▶ [Work instructions] Among the records that follow, set down only the lines from the one containing "#16716 = VERTEX_POINT ( 'NONE', #7625 ) ;" to the one containing "#23696 = DIRECTION", both included, exactly.
─── Records supplied
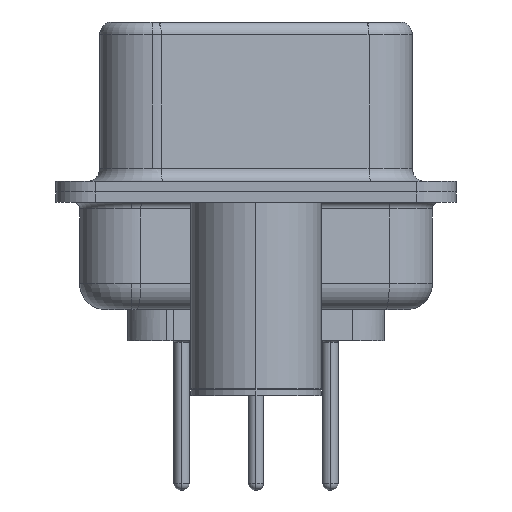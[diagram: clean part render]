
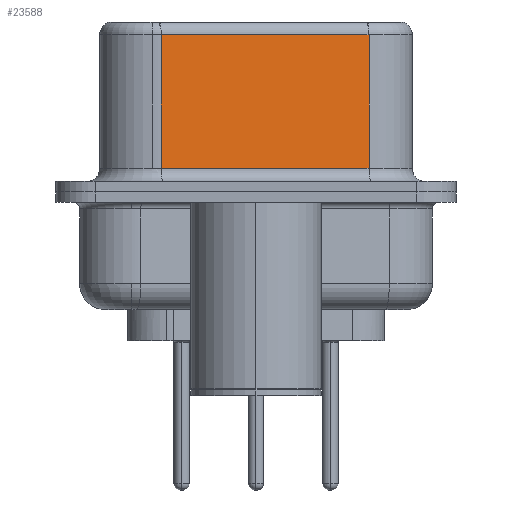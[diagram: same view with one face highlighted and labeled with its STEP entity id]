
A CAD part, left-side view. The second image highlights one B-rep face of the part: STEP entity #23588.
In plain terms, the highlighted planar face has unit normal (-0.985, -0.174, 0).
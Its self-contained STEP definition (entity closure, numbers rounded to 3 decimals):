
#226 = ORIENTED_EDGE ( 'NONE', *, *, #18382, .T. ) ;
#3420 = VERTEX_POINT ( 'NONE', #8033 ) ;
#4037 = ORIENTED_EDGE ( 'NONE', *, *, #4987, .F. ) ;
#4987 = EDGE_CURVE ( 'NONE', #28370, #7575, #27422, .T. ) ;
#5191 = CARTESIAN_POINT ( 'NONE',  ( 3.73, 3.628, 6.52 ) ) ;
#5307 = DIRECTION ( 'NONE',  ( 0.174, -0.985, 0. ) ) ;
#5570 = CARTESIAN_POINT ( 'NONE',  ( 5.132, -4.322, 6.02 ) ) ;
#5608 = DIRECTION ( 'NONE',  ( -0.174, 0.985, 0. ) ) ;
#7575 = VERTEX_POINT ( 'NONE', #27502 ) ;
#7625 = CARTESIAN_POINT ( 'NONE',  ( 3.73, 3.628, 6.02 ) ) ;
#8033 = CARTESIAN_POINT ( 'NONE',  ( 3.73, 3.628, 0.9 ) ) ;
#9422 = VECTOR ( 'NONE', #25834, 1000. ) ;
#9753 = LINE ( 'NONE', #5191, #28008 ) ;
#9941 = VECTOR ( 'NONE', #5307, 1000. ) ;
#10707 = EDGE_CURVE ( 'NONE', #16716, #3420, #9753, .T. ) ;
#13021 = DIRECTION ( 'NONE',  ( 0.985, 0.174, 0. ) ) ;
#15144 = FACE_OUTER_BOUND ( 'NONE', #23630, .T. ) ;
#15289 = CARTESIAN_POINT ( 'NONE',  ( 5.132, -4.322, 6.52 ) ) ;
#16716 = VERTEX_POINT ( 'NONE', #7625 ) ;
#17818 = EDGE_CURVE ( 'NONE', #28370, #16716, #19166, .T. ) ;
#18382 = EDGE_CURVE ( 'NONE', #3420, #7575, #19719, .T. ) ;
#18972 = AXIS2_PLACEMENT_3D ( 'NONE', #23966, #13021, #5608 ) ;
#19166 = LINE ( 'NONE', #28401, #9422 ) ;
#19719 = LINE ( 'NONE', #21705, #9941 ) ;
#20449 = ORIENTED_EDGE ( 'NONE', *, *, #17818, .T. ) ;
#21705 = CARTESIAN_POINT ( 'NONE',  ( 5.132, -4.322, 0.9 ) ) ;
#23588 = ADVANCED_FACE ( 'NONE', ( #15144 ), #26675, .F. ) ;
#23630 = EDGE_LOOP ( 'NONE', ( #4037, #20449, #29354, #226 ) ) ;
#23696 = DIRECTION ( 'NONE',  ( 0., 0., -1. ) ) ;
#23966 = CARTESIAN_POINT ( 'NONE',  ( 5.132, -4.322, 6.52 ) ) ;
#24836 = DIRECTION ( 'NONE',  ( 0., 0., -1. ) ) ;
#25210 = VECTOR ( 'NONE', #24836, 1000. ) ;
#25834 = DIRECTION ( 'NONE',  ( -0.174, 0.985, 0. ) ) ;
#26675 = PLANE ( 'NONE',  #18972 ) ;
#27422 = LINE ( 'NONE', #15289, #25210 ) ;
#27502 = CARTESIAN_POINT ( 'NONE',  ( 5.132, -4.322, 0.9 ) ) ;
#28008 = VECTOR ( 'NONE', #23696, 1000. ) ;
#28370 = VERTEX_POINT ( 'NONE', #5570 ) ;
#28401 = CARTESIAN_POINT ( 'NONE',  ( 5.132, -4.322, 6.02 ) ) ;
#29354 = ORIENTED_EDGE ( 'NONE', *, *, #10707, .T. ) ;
──────
▶ [Answer for this exercise]
#16716 = VERTEX_POINT ( 'NONE', #7625 ) ;
#17818 = EDGE_CURVE ( 'NONE', #28370, #16716, #19166, .T. ) ;
#18382 = EDGE_CURVE ( 'NONE', #3420, #7575, #19719, .T. ) ;
#18972 = AXIS2_PLACEMENT_3D ( 'NONE', #23966, #13021, #5608 ) ;
#19166 = LINE ( 'NONE', #28401, #9422 ) ;
#19719 = LINE ( 'NONE', #21705, #9941 ) ;
#20449 = ORIENTED_EDGE ( 'NONE', *, *, #17818, .T. ) ;
#21705 = CARTESIAN_POINT ( 'NONE',  ( 5.132, -4.322, 0.9 ) ) ;
#23588 = ADVANCED_FACE ( 'NONE', ( #15144 ), #26675, .F. ) ;
#23630 = EDGE_LOOP ( 'NONE', ( #4037, #20449, #29354, #226 ) ) ;
#23696 = DIRECTION ( 'NONE',  ( 0., 0., -1. ) ) ;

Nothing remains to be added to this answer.